= Swish (slang) =

Slang

Swish is a US English slang term for effeminate behavior and interests (camp), emphasized and sanctioned in gay male communities prior to the Stonewall riots. This behaviour is also described as being nelly in British English, and both terms are often considered to be derogatory.

Being swish stereotypically includes a "sashaying" walk, and the use of falsetto voices, feminine pronouns, and superlatives. According to Martin Levine and Michael Kimmel in Gay Macho: The Life and Death of the Homosexual Clone:

Extravagant language is common. Such expressions as "Oh my word!" "Good heavens!" and "Oh, my dear!" are readily associated with other aspects of a feminine man. In describing ordinary experiences the male variant is likely to use words as "terrific," "amazing," "completely devoted," "horrible," "tremendous," "sublimely," "charming," "appalling," "vicious," "loathed," and "madly." Exaggerations are made more conspicuous by placing undue or erroneous emphasis on certain syllables and intonations which leave little doubt of the effeminacy of the speaker.

==Status after the Stonewall riots==
Although being butch was viewed as deviant and socially unacceptable by gay male society, being swish has since lost its mainstream gay status post-Stonewall, and in addition to being used occasionally by mainstream culture is now most often derogatory even when used by gay men.

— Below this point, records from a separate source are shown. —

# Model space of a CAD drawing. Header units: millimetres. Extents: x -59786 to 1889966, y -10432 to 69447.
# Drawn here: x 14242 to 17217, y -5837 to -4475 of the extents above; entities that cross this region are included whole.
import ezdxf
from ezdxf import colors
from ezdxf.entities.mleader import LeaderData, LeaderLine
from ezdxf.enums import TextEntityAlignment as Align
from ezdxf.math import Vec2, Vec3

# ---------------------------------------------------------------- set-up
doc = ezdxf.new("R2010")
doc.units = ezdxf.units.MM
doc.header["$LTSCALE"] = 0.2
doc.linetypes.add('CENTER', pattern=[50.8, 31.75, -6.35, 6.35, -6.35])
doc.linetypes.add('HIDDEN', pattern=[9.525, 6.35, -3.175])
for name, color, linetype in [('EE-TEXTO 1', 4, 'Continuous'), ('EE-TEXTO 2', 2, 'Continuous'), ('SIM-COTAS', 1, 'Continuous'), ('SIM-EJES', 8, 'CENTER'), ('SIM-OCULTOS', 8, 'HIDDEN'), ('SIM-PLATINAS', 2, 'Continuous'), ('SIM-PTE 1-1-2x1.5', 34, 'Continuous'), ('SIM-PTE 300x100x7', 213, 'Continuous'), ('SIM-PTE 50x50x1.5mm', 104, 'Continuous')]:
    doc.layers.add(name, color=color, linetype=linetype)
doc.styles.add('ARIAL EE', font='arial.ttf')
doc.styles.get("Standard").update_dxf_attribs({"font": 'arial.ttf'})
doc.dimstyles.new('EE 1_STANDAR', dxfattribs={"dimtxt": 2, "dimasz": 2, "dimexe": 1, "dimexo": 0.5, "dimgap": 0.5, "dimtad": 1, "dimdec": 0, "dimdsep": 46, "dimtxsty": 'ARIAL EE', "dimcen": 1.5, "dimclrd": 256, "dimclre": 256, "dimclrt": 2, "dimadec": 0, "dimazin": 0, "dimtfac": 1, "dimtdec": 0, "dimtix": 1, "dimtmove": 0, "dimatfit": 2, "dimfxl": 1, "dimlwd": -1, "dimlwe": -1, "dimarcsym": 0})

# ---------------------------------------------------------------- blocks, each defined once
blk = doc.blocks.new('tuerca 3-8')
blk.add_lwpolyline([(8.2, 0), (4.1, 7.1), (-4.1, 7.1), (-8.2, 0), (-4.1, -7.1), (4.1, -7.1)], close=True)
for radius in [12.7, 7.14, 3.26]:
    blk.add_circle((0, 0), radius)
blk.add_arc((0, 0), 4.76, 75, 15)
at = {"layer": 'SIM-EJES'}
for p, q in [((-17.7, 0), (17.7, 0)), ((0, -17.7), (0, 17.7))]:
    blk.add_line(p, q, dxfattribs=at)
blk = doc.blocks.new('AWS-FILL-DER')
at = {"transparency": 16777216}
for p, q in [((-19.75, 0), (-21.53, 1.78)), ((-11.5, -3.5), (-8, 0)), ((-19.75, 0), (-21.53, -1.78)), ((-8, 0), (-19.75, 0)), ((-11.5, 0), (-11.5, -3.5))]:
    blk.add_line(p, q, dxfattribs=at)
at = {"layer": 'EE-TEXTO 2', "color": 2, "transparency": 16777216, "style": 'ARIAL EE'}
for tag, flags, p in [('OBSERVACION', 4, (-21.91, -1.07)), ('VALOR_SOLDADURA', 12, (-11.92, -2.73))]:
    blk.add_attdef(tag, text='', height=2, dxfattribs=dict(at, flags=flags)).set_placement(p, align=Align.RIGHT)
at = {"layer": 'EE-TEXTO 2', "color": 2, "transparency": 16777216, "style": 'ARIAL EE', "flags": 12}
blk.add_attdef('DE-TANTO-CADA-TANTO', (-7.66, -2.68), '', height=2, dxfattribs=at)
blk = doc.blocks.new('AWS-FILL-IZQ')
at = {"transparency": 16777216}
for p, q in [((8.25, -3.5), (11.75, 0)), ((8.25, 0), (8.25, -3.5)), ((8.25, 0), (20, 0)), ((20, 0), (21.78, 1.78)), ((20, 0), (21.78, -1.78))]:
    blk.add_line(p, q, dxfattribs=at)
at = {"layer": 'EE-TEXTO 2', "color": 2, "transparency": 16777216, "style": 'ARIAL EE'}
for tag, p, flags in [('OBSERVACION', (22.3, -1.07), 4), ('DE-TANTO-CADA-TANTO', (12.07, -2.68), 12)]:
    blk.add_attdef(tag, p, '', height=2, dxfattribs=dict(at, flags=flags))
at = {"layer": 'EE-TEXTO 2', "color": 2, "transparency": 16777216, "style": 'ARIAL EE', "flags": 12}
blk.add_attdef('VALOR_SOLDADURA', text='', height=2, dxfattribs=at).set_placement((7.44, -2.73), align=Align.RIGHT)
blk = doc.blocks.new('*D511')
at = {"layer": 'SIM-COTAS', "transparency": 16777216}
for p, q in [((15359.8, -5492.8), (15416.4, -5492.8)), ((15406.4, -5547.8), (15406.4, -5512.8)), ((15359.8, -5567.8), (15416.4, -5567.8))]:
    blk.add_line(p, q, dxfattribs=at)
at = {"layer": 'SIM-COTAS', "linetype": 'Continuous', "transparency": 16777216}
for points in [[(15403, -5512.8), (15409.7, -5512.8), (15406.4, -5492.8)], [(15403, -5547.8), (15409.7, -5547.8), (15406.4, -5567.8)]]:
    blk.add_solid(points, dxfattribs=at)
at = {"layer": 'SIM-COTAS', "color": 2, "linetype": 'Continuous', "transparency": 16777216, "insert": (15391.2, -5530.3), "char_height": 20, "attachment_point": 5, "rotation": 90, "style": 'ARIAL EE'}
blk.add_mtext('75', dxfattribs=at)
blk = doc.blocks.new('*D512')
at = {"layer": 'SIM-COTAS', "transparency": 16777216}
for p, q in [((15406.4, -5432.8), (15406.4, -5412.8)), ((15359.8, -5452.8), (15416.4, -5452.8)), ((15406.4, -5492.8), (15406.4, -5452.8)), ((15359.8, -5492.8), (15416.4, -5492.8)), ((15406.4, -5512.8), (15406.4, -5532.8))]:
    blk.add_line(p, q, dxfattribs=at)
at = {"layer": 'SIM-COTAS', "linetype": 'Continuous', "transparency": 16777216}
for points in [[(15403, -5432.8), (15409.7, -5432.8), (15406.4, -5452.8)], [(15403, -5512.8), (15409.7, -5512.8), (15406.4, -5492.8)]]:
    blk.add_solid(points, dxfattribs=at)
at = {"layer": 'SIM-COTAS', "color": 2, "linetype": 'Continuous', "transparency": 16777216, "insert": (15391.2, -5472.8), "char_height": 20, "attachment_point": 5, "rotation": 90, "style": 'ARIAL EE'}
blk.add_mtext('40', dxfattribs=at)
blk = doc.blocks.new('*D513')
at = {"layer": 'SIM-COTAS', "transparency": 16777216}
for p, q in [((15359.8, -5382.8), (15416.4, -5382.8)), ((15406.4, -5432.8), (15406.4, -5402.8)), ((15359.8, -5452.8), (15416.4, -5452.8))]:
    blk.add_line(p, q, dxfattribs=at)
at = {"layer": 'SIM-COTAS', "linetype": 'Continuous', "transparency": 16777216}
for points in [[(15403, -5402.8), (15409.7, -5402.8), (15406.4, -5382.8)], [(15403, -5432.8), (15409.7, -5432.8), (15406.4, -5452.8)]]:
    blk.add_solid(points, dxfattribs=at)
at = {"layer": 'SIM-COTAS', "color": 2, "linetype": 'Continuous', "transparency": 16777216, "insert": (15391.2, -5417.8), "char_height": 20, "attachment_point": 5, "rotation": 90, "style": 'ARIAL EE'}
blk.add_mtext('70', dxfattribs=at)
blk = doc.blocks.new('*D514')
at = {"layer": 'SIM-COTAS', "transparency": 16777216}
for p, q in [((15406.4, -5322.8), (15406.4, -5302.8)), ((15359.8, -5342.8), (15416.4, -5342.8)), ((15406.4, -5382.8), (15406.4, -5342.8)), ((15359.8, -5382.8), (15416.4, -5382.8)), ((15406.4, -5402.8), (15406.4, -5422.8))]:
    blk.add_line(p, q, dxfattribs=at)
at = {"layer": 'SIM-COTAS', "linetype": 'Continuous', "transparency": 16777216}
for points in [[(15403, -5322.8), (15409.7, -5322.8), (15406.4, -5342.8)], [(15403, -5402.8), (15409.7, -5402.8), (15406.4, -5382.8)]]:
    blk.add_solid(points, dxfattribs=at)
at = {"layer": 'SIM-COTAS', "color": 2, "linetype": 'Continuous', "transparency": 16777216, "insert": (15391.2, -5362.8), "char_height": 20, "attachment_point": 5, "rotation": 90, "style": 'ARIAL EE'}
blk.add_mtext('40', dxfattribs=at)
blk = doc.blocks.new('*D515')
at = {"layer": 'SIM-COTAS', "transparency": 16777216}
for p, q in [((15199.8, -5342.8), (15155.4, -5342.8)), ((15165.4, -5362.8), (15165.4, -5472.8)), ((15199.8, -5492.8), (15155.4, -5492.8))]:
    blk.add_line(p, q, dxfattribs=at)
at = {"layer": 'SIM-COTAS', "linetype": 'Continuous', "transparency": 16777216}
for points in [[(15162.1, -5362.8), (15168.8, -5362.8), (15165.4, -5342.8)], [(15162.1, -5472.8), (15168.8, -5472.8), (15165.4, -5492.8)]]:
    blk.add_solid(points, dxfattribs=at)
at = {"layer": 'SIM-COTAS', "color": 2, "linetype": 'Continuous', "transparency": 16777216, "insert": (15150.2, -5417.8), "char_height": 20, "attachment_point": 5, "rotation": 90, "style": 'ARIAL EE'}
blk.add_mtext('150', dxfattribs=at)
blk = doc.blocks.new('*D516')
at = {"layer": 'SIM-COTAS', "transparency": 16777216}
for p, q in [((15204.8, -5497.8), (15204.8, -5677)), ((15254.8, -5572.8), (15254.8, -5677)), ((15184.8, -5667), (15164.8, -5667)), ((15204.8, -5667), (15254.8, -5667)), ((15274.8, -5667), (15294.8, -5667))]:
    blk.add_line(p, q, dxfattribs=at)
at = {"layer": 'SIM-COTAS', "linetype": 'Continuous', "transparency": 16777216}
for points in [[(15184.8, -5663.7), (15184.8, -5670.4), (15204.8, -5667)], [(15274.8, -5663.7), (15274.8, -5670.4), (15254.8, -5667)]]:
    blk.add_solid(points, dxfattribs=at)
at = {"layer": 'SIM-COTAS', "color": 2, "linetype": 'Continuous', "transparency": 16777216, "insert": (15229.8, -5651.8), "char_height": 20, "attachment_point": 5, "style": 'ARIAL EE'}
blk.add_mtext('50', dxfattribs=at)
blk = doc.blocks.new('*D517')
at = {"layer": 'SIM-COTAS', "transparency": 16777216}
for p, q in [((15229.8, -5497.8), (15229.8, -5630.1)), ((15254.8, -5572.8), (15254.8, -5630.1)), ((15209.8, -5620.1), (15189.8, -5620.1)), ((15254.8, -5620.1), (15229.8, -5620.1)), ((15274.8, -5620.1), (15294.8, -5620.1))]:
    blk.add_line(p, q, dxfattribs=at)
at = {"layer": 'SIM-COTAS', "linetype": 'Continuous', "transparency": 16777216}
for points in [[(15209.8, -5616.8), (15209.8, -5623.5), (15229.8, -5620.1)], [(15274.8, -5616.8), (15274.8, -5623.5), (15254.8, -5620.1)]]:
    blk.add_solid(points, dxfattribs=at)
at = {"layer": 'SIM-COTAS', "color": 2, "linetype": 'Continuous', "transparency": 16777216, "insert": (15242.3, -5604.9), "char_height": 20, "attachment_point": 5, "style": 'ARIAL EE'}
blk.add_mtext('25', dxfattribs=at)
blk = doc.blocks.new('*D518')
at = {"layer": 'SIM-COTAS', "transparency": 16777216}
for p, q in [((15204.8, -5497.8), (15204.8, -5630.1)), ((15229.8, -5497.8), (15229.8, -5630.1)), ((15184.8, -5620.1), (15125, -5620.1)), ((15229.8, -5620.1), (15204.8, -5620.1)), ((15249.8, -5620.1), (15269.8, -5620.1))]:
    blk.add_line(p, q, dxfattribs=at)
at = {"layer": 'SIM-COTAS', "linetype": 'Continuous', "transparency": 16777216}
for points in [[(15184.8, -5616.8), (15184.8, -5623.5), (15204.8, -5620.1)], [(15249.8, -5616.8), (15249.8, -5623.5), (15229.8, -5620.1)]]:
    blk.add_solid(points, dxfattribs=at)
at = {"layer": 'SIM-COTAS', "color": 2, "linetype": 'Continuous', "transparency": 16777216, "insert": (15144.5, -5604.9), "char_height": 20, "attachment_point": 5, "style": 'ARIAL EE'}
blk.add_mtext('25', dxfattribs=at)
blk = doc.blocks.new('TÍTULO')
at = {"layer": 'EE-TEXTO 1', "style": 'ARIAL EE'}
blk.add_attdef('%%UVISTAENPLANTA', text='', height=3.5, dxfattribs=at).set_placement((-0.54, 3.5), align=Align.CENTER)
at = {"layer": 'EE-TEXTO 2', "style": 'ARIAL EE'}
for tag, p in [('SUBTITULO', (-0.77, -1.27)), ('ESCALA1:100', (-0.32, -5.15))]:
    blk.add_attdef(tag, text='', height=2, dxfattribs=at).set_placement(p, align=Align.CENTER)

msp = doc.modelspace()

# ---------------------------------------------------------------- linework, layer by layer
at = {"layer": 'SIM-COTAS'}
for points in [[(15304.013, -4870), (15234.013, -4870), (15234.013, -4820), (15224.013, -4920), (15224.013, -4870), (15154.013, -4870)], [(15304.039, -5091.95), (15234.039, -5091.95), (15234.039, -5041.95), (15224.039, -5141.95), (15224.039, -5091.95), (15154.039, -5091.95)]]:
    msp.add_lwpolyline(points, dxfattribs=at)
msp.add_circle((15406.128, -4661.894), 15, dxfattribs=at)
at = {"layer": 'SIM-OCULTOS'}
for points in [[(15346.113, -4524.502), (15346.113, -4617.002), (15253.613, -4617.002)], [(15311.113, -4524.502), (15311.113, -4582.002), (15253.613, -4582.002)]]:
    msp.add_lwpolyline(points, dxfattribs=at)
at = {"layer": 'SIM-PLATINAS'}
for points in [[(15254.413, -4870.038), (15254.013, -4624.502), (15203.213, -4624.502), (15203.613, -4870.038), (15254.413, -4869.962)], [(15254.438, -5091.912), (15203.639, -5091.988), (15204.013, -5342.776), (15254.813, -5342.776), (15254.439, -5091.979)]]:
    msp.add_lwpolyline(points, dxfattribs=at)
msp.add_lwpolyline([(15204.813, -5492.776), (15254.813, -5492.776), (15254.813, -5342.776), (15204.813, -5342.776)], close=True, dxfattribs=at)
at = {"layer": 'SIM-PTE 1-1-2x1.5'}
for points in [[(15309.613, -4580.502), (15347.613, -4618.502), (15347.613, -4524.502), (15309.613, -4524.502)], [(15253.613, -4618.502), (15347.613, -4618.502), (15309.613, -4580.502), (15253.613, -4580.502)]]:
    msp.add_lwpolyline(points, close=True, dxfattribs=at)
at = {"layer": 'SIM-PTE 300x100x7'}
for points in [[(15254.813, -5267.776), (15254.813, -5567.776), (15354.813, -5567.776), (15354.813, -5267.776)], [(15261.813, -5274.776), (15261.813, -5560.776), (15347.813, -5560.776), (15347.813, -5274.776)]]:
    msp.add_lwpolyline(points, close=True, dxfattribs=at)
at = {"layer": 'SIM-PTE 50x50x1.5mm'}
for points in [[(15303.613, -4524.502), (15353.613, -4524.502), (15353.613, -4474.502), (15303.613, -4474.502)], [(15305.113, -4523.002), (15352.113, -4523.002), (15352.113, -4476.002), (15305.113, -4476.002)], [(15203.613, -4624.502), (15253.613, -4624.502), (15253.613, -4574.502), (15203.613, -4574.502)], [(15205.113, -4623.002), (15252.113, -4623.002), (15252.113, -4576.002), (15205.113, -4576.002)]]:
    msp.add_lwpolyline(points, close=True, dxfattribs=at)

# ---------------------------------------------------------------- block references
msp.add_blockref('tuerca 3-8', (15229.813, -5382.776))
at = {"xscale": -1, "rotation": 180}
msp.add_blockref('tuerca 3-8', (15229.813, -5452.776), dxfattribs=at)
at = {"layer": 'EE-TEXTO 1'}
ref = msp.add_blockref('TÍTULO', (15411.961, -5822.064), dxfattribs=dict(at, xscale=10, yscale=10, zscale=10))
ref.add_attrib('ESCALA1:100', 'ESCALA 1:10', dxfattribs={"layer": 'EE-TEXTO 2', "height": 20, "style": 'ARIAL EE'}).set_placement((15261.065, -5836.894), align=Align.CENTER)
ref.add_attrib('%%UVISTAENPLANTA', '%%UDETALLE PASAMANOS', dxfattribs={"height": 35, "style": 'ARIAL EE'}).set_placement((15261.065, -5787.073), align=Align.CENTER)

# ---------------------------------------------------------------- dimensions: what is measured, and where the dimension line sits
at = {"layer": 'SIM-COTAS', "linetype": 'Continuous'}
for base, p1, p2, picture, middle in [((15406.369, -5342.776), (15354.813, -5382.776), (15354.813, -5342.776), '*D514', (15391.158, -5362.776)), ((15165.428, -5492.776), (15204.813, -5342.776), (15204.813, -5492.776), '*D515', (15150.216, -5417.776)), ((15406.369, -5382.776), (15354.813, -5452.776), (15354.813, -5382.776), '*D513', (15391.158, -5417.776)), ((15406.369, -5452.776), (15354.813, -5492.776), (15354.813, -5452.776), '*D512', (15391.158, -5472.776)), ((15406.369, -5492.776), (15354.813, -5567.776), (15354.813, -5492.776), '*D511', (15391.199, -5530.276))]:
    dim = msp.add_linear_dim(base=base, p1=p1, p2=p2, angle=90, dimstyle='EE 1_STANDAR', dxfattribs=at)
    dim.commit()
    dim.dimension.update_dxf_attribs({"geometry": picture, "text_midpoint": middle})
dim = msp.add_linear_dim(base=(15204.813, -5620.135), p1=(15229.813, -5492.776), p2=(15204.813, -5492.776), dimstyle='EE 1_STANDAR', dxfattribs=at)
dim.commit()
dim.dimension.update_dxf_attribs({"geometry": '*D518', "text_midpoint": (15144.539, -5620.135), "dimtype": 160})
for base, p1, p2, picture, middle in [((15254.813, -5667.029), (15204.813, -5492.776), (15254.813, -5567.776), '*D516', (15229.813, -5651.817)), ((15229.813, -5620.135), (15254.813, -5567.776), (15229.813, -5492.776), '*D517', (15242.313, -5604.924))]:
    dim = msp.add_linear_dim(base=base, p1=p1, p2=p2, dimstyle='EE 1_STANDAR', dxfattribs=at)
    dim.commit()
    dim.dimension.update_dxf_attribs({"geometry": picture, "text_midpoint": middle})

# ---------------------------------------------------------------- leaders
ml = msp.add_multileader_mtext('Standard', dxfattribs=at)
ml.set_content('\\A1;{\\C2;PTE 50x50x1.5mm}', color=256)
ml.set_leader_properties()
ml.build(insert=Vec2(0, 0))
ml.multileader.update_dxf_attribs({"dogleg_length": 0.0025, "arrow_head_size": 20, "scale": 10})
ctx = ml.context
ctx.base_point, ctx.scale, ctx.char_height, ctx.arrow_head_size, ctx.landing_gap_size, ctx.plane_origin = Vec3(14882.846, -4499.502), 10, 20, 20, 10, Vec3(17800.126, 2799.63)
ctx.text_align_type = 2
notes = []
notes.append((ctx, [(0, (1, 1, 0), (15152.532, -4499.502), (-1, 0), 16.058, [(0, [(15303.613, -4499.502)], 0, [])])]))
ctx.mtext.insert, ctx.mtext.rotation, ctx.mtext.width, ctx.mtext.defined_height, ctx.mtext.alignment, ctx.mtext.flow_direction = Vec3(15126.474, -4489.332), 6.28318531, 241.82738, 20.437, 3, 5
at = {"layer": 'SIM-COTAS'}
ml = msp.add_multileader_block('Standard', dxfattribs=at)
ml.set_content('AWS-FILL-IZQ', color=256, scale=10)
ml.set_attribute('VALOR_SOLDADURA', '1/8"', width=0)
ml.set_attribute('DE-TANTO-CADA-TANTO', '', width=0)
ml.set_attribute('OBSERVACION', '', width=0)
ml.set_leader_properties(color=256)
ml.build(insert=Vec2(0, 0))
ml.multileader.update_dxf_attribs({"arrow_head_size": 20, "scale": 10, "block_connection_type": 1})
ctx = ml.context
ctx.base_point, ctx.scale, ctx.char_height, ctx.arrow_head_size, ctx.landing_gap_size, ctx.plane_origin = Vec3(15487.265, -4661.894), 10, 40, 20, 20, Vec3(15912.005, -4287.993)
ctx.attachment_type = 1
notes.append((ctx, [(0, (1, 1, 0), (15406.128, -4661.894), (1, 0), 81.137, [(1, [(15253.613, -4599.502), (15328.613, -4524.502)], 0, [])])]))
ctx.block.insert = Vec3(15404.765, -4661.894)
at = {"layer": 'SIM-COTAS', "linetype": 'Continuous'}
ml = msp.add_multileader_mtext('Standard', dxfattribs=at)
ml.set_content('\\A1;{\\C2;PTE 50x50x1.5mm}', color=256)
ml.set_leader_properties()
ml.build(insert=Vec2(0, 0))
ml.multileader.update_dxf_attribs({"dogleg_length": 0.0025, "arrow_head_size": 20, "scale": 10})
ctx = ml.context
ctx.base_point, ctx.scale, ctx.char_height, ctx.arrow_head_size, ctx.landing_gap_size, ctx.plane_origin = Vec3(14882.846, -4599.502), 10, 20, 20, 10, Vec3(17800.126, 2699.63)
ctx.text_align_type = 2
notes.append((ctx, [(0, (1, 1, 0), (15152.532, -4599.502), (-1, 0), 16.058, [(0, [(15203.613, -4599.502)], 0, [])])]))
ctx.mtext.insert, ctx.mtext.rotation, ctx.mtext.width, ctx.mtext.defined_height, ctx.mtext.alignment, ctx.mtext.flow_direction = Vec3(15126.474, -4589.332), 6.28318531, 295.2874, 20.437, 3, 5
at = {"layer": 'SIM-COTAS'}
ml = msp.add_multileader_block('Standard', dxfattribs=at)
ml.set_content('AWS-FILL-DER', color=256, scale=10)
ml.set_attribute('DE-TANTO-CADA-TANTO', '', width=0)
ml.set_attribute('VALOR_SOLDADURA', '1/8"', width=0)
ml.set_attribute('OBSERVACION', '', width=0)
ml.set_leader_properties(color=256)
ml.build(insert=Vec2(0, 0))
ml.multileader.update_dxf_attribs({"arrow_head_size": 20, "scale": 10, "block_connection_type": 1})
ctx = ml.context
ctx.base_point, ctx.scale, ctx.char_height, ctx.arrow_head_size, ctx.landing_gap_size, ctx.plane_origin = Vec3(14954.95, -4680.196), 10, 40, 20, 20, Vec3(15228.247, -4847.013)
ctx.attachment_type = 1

Though it may be assumed that most post-Stonewall gay men view acting swish as internalized homophobia, a concession to stereotypes of gay men as less than manly. However, the Castro clone, a hyper-masculine, macho standard and ideal behaviour that replaced swish, adapted many camp elements such as dishing (gossip).

Thus while clones could view swish as embodying anti-gay stereotypes, being swish was a way of indicating and performing one's identity, indicating that anti-gay stereotypes could be derived from gay identities. Further, one could turn swish on or off, as described in Gay Macho: The Life and Death of the Homosexual Clone:

Just look at all these clones dear. With their pumped up bodies and thick moustaches, they all look so 'butch.' But I remember when everyone was 'nelly'. What a joke! [...] Over the last few years I have watched many of these girls change as the times changed. A couple of years ago, they had puny bodies, lisping voices, and elegant clothes. At parties or Tea Dances, they came in dresses, swooning over [[Greta Garbo|[Greta] Garbo]] and [[Bette Davis|[Bette] Davis]]. Now, they've 'butched up,' giving up limp wrists and mincing gaits for bulging muscles and manly handshakes, giving up fancy clothes and posh pubs for faded jeans and raunchy discos.

===Modern LGBT rights movement===
Most recently, Swish has taken on an empowering and action-oriented meaning within the LGBT rights movement, in part thanks to an organization by the same name. From this point of view, to swish indicates a form of activism that is uplifting, rewarding and fun, and creates opportunities for straight allies to become active in the LGBT civil rights movement.